DAYTON, Ohio (WDTN) — The Ohio Department of Education concluded its investigation into alleged violations of special education law by the Warren County Educational Services Center and dozens of local school districts.

Disability Rights Ohio filed complaints with ODE back in 2021 on behalf of two students, and a systemic complaint, which was filed on behalf of all students. Kristin Hildebrant is the Senior Attorney at DRO.

“We had known that there were some patterns of problems for students who were receiving services at the ESC. And we’ve also had people who are advocates for children contact us with concerns about the Educational Service Center,” Hildebrant said.

Several districts in our area were part of the complaint, including Centerville, Dayton, Franklin, Kettering, Miamisburg, Springboro, Vandalia-Butler, and Xenia. These districts send students to the Warren County ESC, but they are ultimately responsible for the students’ education.

The complaint alleges there was a lack of adequate individualized education programs, or IEPs, that meet students’ specific needs, and failure to implement those IEPs. The complaint also alleges students were not being properly evaluated before placing them at the ESC, staff at the ESC are not appropriately trained or licensed, and there was a lack of academic instruction.

“All kids are different, and one of the core components of special education is that we individualize the services to the specific needs created by that child’s disability. And all disabilities are different. So if it’s one size fits all, it doesn’t work,” Hildebrant said.

2 News reached out to the districts for a comment.

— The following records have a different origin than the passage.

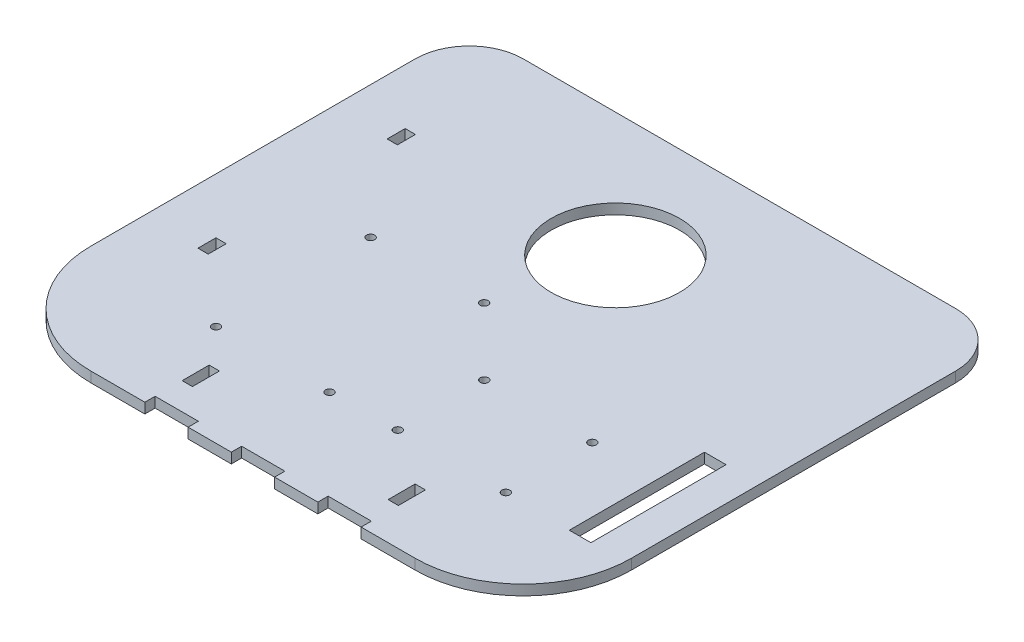
SolidWorks part; units mm, degrees
ref_plane "Front Plane" through (0, 0, 0) normal (0, 0, 1) x (1, 0, 0)
ref_plane "Top Plane" through (0, 0, 0) normal (0, 1, 0) x (1, 0, 0)
ref_plane "Right Plane" through (0, 0, 0) normal (1, 0, 0) x (0, 0, -1)
sketch "Sketch1" plane through (0, 0, 0) normal (0, 1, 0) x (1, 0, 0)
  line L1 (-127, 114.3) -> (127, 114.3)
  line L2 (-127, 114.3) -> (-127, -114.3)
  line L3 (-127, -114.3) -> (127, -114.3)
  line L4 (127, 114.3) -> (127, -114.3)
  line L5 (-127, 114.3) -> (127, -114.3) construction
  line L6 (-127, -114.3) -> (127, 114.3) construction
  point P0 (0, 0)
  dimension "D1" = 254
  dimension "D2" = 228.6
extrude "Boss-Extrude1" add sketch "Sketch1" along normal blind 4.826
sketch "Sketch4" plane through (0, 4.826, 0) normal (0, 1, 0) x (1, 0, 0)
  line L0 (0, -114.3) -> (0, 114.3) construction
  line L1 (-127, -114.3) -> (127, -114.3) construction
  line L2 (127, 114.3) -> (-127, 114.3) construction
  line L3 (-127, 88.9) -> (-101.6, 88.9) construction
  line L4 (-127, 114.3) -> (-127, -114.3) construction
  line L5 (-101.6, 88.9) -> (-101.6, 114.3) construction
  line L6 (-127, 88.9) -> (-127, 114.3)
  line L7 (-127, 114.3) -> (-101.6, 114.3)
  line L8 (127, 88.9) -> (127, 114.3)
  line L9 (127, 114.3) -> (101.6, 114.3)
  arc A0 (-127, 88.9) -> (-101.6, 114.3) centre (-101.6, 88.9) cw
  arc A1 (127, 88.9) -> (101.6, 114.3) centre (101.6, 88.9) ccw
  dimension "D1" = 25.4
  dimension "D2" = 25.4
extrude "Cut-Extrude3" cut sketch "Sketch4" against normal blind 4.826
sketch "Sketch19" plane through (0, 4.826, 0) normal (0, 1, 0) x (1, 0, 0)
  line L0 (-101, -39.1583) -> (-101, -30.6917) construction
  line L1 (-101, -39.1583) -> (-96.174, -39.1583) construction
  line L2 (-96.174, -39.1583) -> (-96.174, -30.6917) construction
  line L3 (-101, -30.6917) -> (-96.174, -30.6917) construction
  line L4 (-101, 49.7417) -> (-101, 58.2083) construction
  line L5 (-101, 49.7417) -> (-96.174, 49.7417) construction
  line L6 (-96.174, 49.7417) -> (-96.174, 58.2083) construction
  line L7 (-101, 58.2083) -> (-96.174, 58.2083) construction
  line L8 (-101, -39.1583) -> (-101, -30.6917)
  line L9 (-101, -39.1583) -> (-96.174, -39.1583)
  line L10 (-96.174, -39.1583) -> (-96.174, -30.6917)
  line L11 (-101, -30.6917) -> (-96.174, -30.6917)
  line L12 (-101, 49.7417) -> (-101, 58.2083)
  line L13 (-101, 49.7417) -> (-96.174, 49.7417)
  line L14 (-96.174, 49.7417) -> (-96.174, 58.2083)
  line L15 (-101, 58.2083) -> (-96.174, 58.2083)
extrude "Cut-Extrude16" cut sketch "Sketch19" against normal through all
fillet "Fillet11" radius 50.8 2 edges at (-127, 2.413, 114.3) (127, 2.413, 114.3)
sketch "Sketch20" plane through (0, 0, 0) normal (0, -1, 0) x (1, 0, 0)
  line L1 (101, 66.675) -> (111.16, 66.675)
  line L2 (101, 66.675) -> (101, 3.175)
  line L3 (101, 3.175) -> (111.16, 3.175)
  line L4 (111.16, 66.675) -> (111.16, 3.175)
  dimension "D1" = 10.16
extrude "Cut-Extrude17" cut sketch "Sketch20" against normal through all
sketch "Sketch23" plane through (0, 4.826, 0) normal (0, 1, 0) x (1, 0, 0)
  circle A0 centre (70.7411, -25.5764) radius 1.905 construction
  circle A1 centre (70.7411, -66.2164) radius 1.905 construction
  circle A2 centre (19.9411, -25.5764) radius 1.905 construction
  circle A3 centre (19.9411, -66.2164) radius 1.905 construction
  circle A4 centre (-11.4804, 5.7926) radius 1.905 construction
  circle A5 centre (-64.8204, 5.7926) radius 1.905 construction
  circle A6 centre (-64.8204, -66.8514) radius 1.905 construction
  circle A7 centre (-11.4804, -66.8514) radius 1.905 construction
  circle A8 centre (70.7411, -25.5764) radius 1.905
  circle A9 centre (70.7411, -66.2164) radius 1.905
  circle A10 centre (19.9411, -25.5764) radius 1.905
  circle A11 centre (19.9411, -66.2164) radius 1.905
  circle A12 centre (-11.4804, 5.7926) radius 1.905
  circle A13 centre (-64.8204, 5.7926) radius 1.905
  circle A14 centre (-64.8204, -66.8514) radius 1.905
  circle A15 centre (-11.4804, -66.8514) radius 1.905
extrude "Cut-Extrude18" cut sketch "Sketch23" against normal through all
sketch "Sketch24" plane through (0, 0, 0) normal (0, -1, 0) x (1, 0, 0)
  line L0 (50.8, 114.3) -> (50.8, 109.474) construction
  line L1 (50.8, 114.3) -> (50.8, 109.474)
  line L2 (50.8, 114.3) -> (50.8, 109.474)
  line L3 (30.48, 114.3) -> (50.8, 114.3) construction
  line L4 (30.48, 109.474) -> (50.8, 109.474) construction
  line L5 (30.48, 114.3) -> (30.48, 109.474) construction
  line L6 (10.16, 114.3) -> (10.16, 109.474) construction
  line L7 (-10.16, 109.474) -> (10.16, 109.474) construction
  line L8 (-10.16, 114.3) -> (-10.16, 109.474) construction
  line L9 (-10.16, 114.3) -> (10.16, 114.3) construction
  line L10 (-30.48, 114.3) -> (-30.48, 109.474) construction
  line L11 (-50.8, 114.3) -> (-30.48, 114.3) construction
  line L12 (-50.8, 114.3) -> (-50.8, 109.474) construction
  line L13 (-50.8, 109.474) -> (-30.48, 109.474) construction
  line L14 (30.48, 114.3) -> (50.8, 114.3)
  line L15 (50.8, 114.3) -> (50.8, 109.474)
  line L16 (30.48, 109.474) -> (50.8, 109.474)
  line L17 (30.48, 114.3) -> (30.48, 109.474)
  line L18 (10.16, 114.3) -> (10.16, 109.474)
  line L19 (-10.16, 109.474) -> (10.16, 109.474)
  line L20 (-10.16, 114.3) -> (-10.16, 109.474)
  line L21 (-10.16, 114.3) -> (10.16, 114.3)
  line L22 (-30.48, 114.3) -> (-30.48, 109.474)
  line L23 (-50.8, 114.3) -> (-30.48, 114.3)
  line L24 (-50.8, 114.3) -> (-50.8, 109.474)
  line L25 (-50.8, 109.474) -> (-30.48, 109.474)
  line M21 (76.2, 114.3) -> (-76.2, 114.3)
extrude "Cut-Extrude19" cut sketch "Sketch24" against normal through all contours L17 L16 L1 M21 | L24 L25 L22 M21 | L21 L18 L19 L20 region at (-40.64, 0, 111.887) region at (40.64, 0, 111.887)
sketch "Sketch26" plane through (0, 0, 0) normal (0, -1, 0) x (1, 0, 0)
  circle A0 centre (0, -55.982) radius 30.1625 construction
  circle A1 centre (0, -55.982) radius 30.1625
extrude "Cut-Extrude20" cut sketch "Sketch26" against normal through all
sketch "Sketch27" plane through (0, 0, 0) normal (0, -1, 0) x (1, 0, 0)
  line L0 (-45.974, 84.074) -> (-45.974, 96.774) construction
  line L1 (-50.8, 96.774) -> (-45.974, 96.774) construction
  line L2 (-50.8, 84.074) -> (-50.8, 96.774) construction
  line L3 (-50.8, 84.074) -> (-45.974, 84.074) construction
  line L4 (50.8, 84.074) -> (50.8, 96.774) construction
  line L5 (50.8, 84.074) -> (45.974, 84.074) construction
  line L6 (45.974, 84.074) -> (45.974, 96.774) construction
  line L7 (50.8, 96.774) -> (45.974, 96.774) construction
  line L8 (-45.974, 84.074) -> (-45.974, 96.774)
  line L9 (-50.8, 96.774) -> (-45.974, 96.774)
  line L10 (-50.8, 84.074) -> (-50.8, 96.774)
  line L11 (-50.8, 84.074) -> (-45.974, 84.074)
  line L12 (50.8, 84.074) -> (50.8, 96.774)
  line L13 (50.8, 84.074) -> (45.974, 84.074)
  line L14 (45.974, 84.074) -> (45.974, 96.774)
  line L15 (50.8, 96.774) -> (45.974, 96.774)
extrude "Cut-Extrude21" cut sketch "Sketch27" against normal through all
equation "\"MDF\"= 0.19in"
equation "\"GenDiameter\"= 60mm"
equation "\"GenCutDiameter\" = 1.8in"
equation "\"GenCutDistance\" = 1"
equation "\"TowerHeight\" = 6in"
equation "\"TowerFrontBase\" = 3in"
equation "\"FunnelHeight\" = 1in"
equation "\"FunnelAngle\" = 20"
equation "\"TowerSideBase\" = 3in"
equation "\"BaseLength\" = 9in"
equation "\"BaseWidth\" = 10in"
equation "\"WheelHoleLength\" = 3.25in"
equation "\"WheelHoleWidth\" = 26mm"
equation "\"DropLength\" = 1in"
equation "\"D1@Sketch1\"=\"BaseWidth\""
equation "\"D2@Sketch1\"=\"BaseLength\""
equation "\"D1@Boss-Extrude1\"=\"MDF\""
equation "\"WheelHoleFromBack\" = 1.5in"
equation "\"DropWidth\" = 8.5in"
equation "\"BumperWidth\" = 2in"
equation "\"D1@Cut-Extrude3\"=\"MDF\""
equation "\"DropWidthTop\" = 0in"
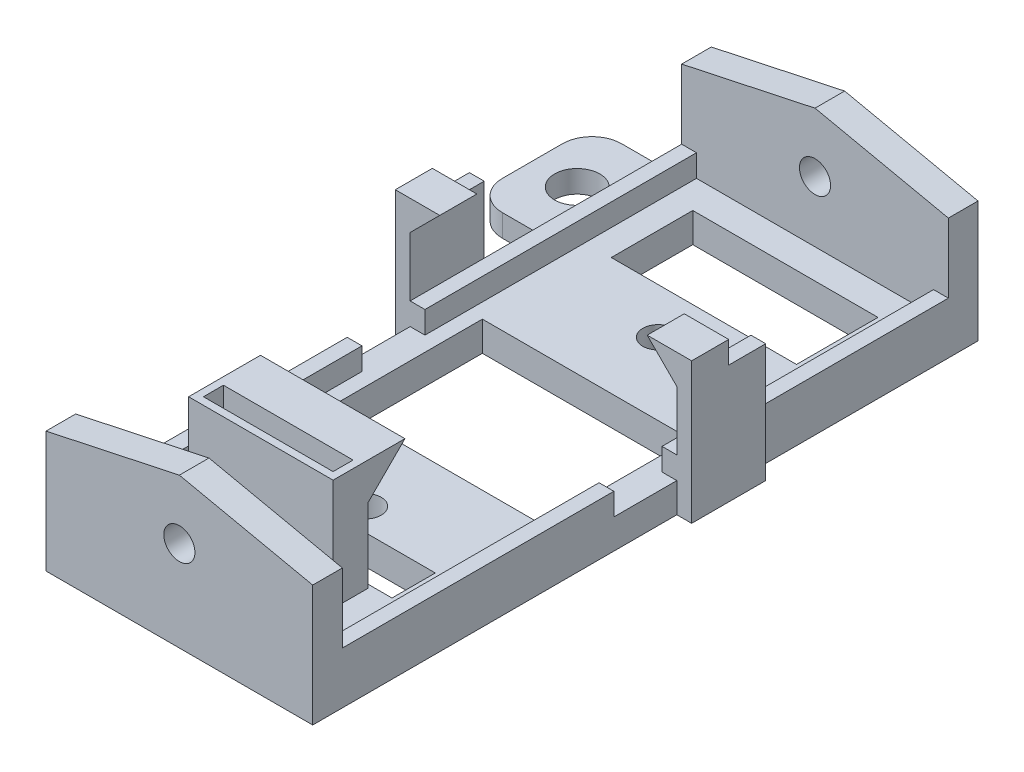
SolidWorks part; units mm, degrees
ref_plane "Front Plane" through (0, 0, 0) normal (0, 0, 1) x (1, 0, 0)
ref_plane "Top Plane" through (0, 0, 0) normal (0, 1, 0) x (1, 0, 0)
ref_plane "Right Plane" through (0, 0, 0) normal (1, 0, 0) x (0, 0, -1)
sketch "Sketch1" plane through (0, 0, 0) normal (0, 0, 1) x (1, 0, 0)
  line L2 (-40.4, 110) -> (0, 118.6383) construction
  line L3 (-18, 114.7896) -> (0, 114.7896)
  line L4 (0, 114.7896) -> (18, 114.7896)
  line L5 (0, 118.6383) -> (40.4, 110) construction
  line L11 (18, 114.7896) -> (18, 121.7896)
  line L12 (18, 121.7896) -> (16, 121.7896)
  line L13 (16, 121.7896) -> (16, 118.7896)
  line L14 (16, 118.7896) -> (-16, 118.7896)
  line L15 (-16, 118.7896) -> (-16, 121.7896)
  line L16 (-16, 121.7896) -> (-18, 121.7896)
  line L17 (-18, 121.7896) -> (-18, 114.7896)
  point P15 (0, 118.7896)
  dimension "D1" = 32
  dimension "D2" = 2
  dimension "D3" = 3
  dimension "D4" = 4
extrude "Boss-Extrude1" add sketch "Sketch1" along normal up to surface (89.8 mm away)
sketch "Sketch2" plane through (0, 114.7896, 0) normal (0, -1, 0) x (1, 0, 0)
  line L0 (18, 89.8) -> (18, 0) construction
  line L5 (-14, 54.9) -> (14, 54.9)
  line L6 (-14, 54.9) -> (-14, 34.9)
  line L7 (-14, 34.9) -> (14, 34.9)
  line L8 (14, 54.9) -> (14, 34.9)
  point P4 (0, 34.9)
  point P8 (18, 44.9)
  point P9 (14, 44.9)
  dimension "D1" = 4
  dimension "D2" = 20
extrude "Cut-Extrude1" cut sketch "Sketch2" against normal up to next
sketch "Sketch3" plane through (-18, 0, 0) normal (-1, 0, 0) x (0, 0, 1)
  line L0 (89.8, 121.7896) -> (0, 121.7896) construction
  line L1 (40.65, 118.7896) -> (49.15, 118.7896)
  line L2 (40.65, 118.7896) -> (40.65, 121.7896)
  line L3 (40.65, 121.7896) -> (49.15, 121.7896)
  line L4 (49.15, 118.7896) -> (49.15, 121.7896)
  line L5 (89.8, 118.7896) -> (0, 118.7896) construction
  point P9 (44.9, 121.7896)
  point P10 (44.9, 121.7896)
  dimension "D1" = 8.5
extrude "Cut-Extrude2" cut sketch "Sketch3" against normal through all
sketch "Sketch4" plane through (0, 118.7896, 0) normal (0, 1, 0) x (1, 0, 0)
  circle A0 centre (0, -25.15) radius 2.1 construction
  circle A1 centre (0, -64.65) radius 2.1 construction
  circle A2 centre (0, -25.15) radius 2.1
  circle A3 centre (0, -64.65) radius 2.1
extrude "Cut-Extrude3" cut sketch "Sketch4" against normal through all
ref_plane "Plane2" through (0, 0, 44.9) normal (0, 0, -1) x (-1, 0, 0)
sketch "Sketch5" plane through (0, 0, 0) normal (0, 0, 1) x (1, 0, 0)
  line L0 (-18, 114.7896) -> (-18, 131.1512)
  line L1 (-56.4, 122.9405) -> (0, 135) construction
  line L2 (-18, 131.1512) -> (0, 135)
  line L3 (0, 135) -> (18, 131.1512)
  line L4 (0, 135) -> (56.4, 122.9405) construction
  line L5 (18, 131.1512) -> (18, 114.7896)
  line L6 (18, 114.7896) -> (-18, 114.7896)
  line L7 (0.6273, 134.8659) -> (54.0273, 123.4479) construction
  line L8 (-54.0273, 123.4479) -> (-0.6273, 134.8659) construction
  circle A0 centre (0, 127) radius 2.1
  dimension "D1" = 4.2
  dimension "D2" = 8
extrude "Boss-Extrude2" add sketch "Sketch5" along normal blind 4
mirror "Mirror1" about plane through (0, 0, 44.9) normal (0, 0, -1) of "Boss-Extrude2"
sketch "Sketch6" plane through (0, 118.7896, 0) normal (0, 1, 0) x (1, 0, 0)
  line L1 (12.5, -19) -> (-12.5, -19)
  line L2 (12.5, -19) -> (12.5, -8)
  line L3 (12.5, -8) -> (-12.5, -8)
  line L4 (-12.5, -19) -> (-12.5, -8)
  point P4 (0, -8)
  dimension "D1" = 11
  dimension "D2" = 25
  dimension "D3" = 8
extrude "Cut-Extrude4" cut sketch "Sketch6" against normal through all
sketch "Sketch8" plane through (0, 118.7896, 0) normal (0, 1, 0) x (1, 0, 0)
  line L0 (16, -85.8) -> (-16, -85.8) construction
  line L1 (8.75, -77.8) -> (-8.75, -77.8)
  line L2 (8.75, -77.8) -> (8.75, -75.1)
  line L3 (8.75, -75.1) -> (-8.75, -75.1)
  line L4 (-8.75, -77.8) -> (-8.75, -75.1)
  line L6 (9.75, -74.1) -> (-9.75, -74.1)
  line L7 (-9.75, -78.8) -> (-9.75, -74.1)
  line L8 (9.75, -78.8) -> (-9.75, -78.8)
  line L9 (9.75, -78.8) -> (9.75, -74.1)
  point P6 (0, -85.8)
  point P7 (0, -77.8)
  dimension "D1" = 8
  dimension "D2" = 2.7
  dimension "D3" = 17.5
  dimension "D4" = 1
extrude "Boss-Extrude3" add sketch "Sketch8" along normal blind 15
sketch "Sketch9" plane through (-9.75, 0, 0) normal (-1, 0, 0) x (0, 0, 1)
  line L0 (74.1, 128.7896) -> (69.1, 133.7896)
  line L1 (74.1, 133.7896) -> (74.1, 118.7896) construction
  line L2 (69.1, 133.7896) -> (74.1, 133.7896)
  line L3 (74.1, 133.7896) -> (74.1, 128.7896)
  dimension "D1" = 5
  dimension "D2" = 45
extrude "Boss-Extrude4" add sketch "Sketch9" against normal up to surface (19.5 mm away) up to face at (9.75, 126.2896, 76.45)
sketch "Sketch13" plane through (0, 118.7896, 0) normal (0, 1, 0) x (1, 0, 0)
  line L4 (-8.75, -77.8) -> (8.75, -77.8)
  line L5 (8.75, -77.8) -> (8.75, -75.1)
  line L6 (8.75, -75.1) -> (-8.75, -75.1)
  line L7 (-8.75, -75.1) -> (-8.75, -77.8)
  line L8 (-8.75, -77.8) -> (8.75, -77.8)
  line L9 (8.75, -77.8) -> (8.75, -75.1)
  line L10 (8.75, -75.1) -> (-8.75, -75.1)
  line L11 (-8.75, -75.1) -> (-8.75, -77.8)
  dimension "D1" = 0
extrude "Cut-Extrude5" cut sketch "Sketch13" against normal through all
sketch "Sketch10" plane through (0, 114.7896, 0) normal (0, 1, 0) x (1, 0, 0)
  line L0 (18, -40.65) -> (18, -4) construction
  line L1 (18, -40.65) -> (20, -40.65)
  line L2 (18, -40.65) -> (18, -30.65)
  line L3 (18, -30.65) -> (20, -30.65)
  line L4 (20, -40.65) -> (20, -30.65)
  line L5 (0, -1000) -> (0, 49000) construction
  line L6 (-18, -30.65) -> (-20, -30.65)
  line L7 (-18, -40.65) -> (-18, -30.65)
  line L8 (-18, -40.65) -> (-20, -40.65)
  line L9 (-20, -40.65) -> (-20, -30.65)
  dimension "D1" = 10
  dimension "D2" = 2
extrude "Boss-Extrude5" add sketch "Sketch10" along normal offset from surface (16 mm away) 3
sketch "Sketch12" plane through (0, 0, 40.65) normal (0, 0, 1) x (1, 0, 0)
  line L0 (20, 129.7896) -> (20, 133.7896)
  line L1 (20, 133.7896) -> (14, 133.7896)
  line L2 (14, 133.7896) -> (18, 129.7896)
  line L3 (18, 129.7896) -> (20, 129.7896)
  line L4 (-18, 133.7896) -> (18, 133.7896) construction
  line L5 (18, 114.7896) -> (18, 131.1512) construction
  line L6 (20, 130.7896) -> (20, 114.7896) construction
  line L7 (18, 130.7896) -> (18, 121.7896) construction
  line L8 (0, -868.0678) -> (0, 49131.9322) construction
  line L9 (-18, 129.7896) -> (-20, 129.7896)
  line L10 (-14, 133.7896) -> (-18, 129.7896)
  line L11 (-20, 133.7896) -> (-14, 133.7896)
  line L12 (-20, 129.7896) -> (-20, 133.7896)
  dimension "D1" = 45
  dimension "D2" = 6
extrude "Boss-Extrude6" add sketch "Sketch12" against normal blind 5
sketch "Sketch14" plane through (0, 114.7896, 0) normal (0, 1, 0) x (1, 0, 0)
  line L0 (-18, -30.65) -> (-18, -4) construction
  line L1 (-18, -4) -> (-30.1, -4)
  line L2 (-18, -4) -> (-18, -20.1)
  line L3 (-18, -20.1) -> (-30.1, -20.1)
  line L4 (-30.1, -4) -> (-30.1, -20.1)
  circle A0 centre (-24.05, -12.05) radius 3.05
  point P9 (-30.1, -12.05)
  point P10 (-24.05, -20.1)
  dimension "D1" = 6.1
  dimension "D2" = 3
  dimension "D3" = 5
extrude "Boss-Extrude7" add sketch "Sketch14" along normal blind 3
fillet "Fillet1" radius 4 2 edges at (-30.1, 116.2896, 4) (-30.1, 116.2896, 20.1)
chamfer "Chamfer1" distance 3 angle 45 2 edges at (-18, 116.2896, 20.1) (-18, 116.2896, 4)
sketch "Sketch16" plane through (0, 118.7896, 0) normal (0, 1, 0) x (1, 0, 0)
  line L0 (9.75, -74.1) -> (-9.75, -74.1) construction
  line L1 (-12.5, -67.75) -> (12.5, -67.75)
  line L2 (-12.5, -67.75) -> (-12.5, -73.6)
  line L3 (-12.5, -73.6) -> (12.5, -73.6)
  line L4 (12.5, -67.75) -> (12.5, -73.6)
  circle A1 centre (0, -64.65) radius 2.1 construction
  point P4 (0, 0)
  point P9 (0, 0)
  dimension "D1" = 0.5
  dimension "D2" = 1
extrude "Cut-Extrude6" cut sketch "Sketch16" against normal through all
equation "\"width\"= 24"
equation "\"thk\"= 3"
equation "\"holesize\"= 4.2"
equation "\"holedistance\"= ( 20 + 12 ) / 2"
equation "\"threaded_hole\"= 3.9"
equation "\"fillet_radius\"= 2"
equation "\"ground_clearance\"= 25"
equation "\"tire_thk\"= 3"
equation "\"innerwheel_diam\" = \"wheel_diam\"-2*\"tire_thk\""
equation "\"innerwheel_thk\"= 8"
equation "\"wheel_diam\"= 2*(\"width\"/2+\"ground_clearance\")"
equation "\"coloursensor_holesize\"= 2.65"
equation "\"hole_to_edge\" = 4"
equation "\"D1@Sketch5\"=\"holesize\""

Kevin Wright, the Supervisor of Special Education Services for Kettering Schools, said quote:

“We acknowledge that there were violations identified through the complaint filed with the Ohio Department of Education regarding students with disabilities who are served through the Warren County Educational Service Center. We will continue to monitor our Kettering students who are attending the Warren County ESC schools to ensure that, working together with the ESC, we are providing effective, academic, social, emotional and behavioral health services to all students.”

Kevin Wright, the Supervisor of Special Education Services

At Xenia Community Schools, there is only one student who attends the Warren County ESC. A spokesperson said quote:

As always, our top priority is the student and family involved, who have indicated to our staff that they do not have any concerns about the educational services their child receives.

The parents are fully aware that Xenia is prepared to make every accommodation and provide the best educational opportunity for this student in the event that they are medically able to return home. Unfortunately, that is simply not the situation for this child at this time.

The district has filed the appropriate paperwork for the student with ODE throughout the student’s time at the long-term care facility, and has had no previous indication from ODE that there were any concerns with the educational services for the student.

On this basis, the district has filed an appeal of the complaint, but still plans to move forward with compliance of all actions in order to ensure the best-possible outcome for all Xenia students.

Compliance for the district in this case may include training for Special Education staff, as well as revised processes for reviewing and filing paperwork. The district has also requested that ODE clarify both the outcome they are seeking in this specific case, as well as the process they would like to see to avoid similar problems in the future.

Spokesperson for Xenia Community Schools

The Ohio Department of Education concluded its investigation in December 2022. The ODE is ordering the ESC to provide progress reports, staff are required to attend professional development on IEPs, districts will need to review and correct IEPs, and students will receive compensatory education for IEP services they did not receive.

“The average hours of all of the children is roughly 50 hours per kid and some kids over 100. So that indicates that these kids weren’t getting what they needed to get according to the law,” Hildebrant said.

Hildebrant said DRO is hopeful these findings will improve services within the ESC and local districts.

“One of the central tenets of the federal law that provides special education rights to kids is a concept of least restrictive environment. And we always want to keep children in their local school districts with their peers that they’re growing up with because they have better outcomes when we do that,” Hildebrant explained.

2 News also reached out to Tom Issacs, the Superintendent of the Warren County ESC. He did not want to go on camera, but provided the following statement:

The Governing Board of the Warren County Educational Service Center (the “ESC”) has been made aware of special education findings and corrective action issued by the Ohio Department of Education to more than forty school districts who utilize our specialized programs.  It is important to emphasize that no abuse or neglect of students was found.  The findings involve paperwork issues that ODE found with student records.  The ESC and school districts dispute most of the findings.  Those we don’t dispute will be promptly corrected.  As for the findings that are in dispute, the ESC has engaged with the Ohio Department of Education leadership to hopefully resolve the matter without litigation.  The ESC will have no further comment on this matter until it is resolved.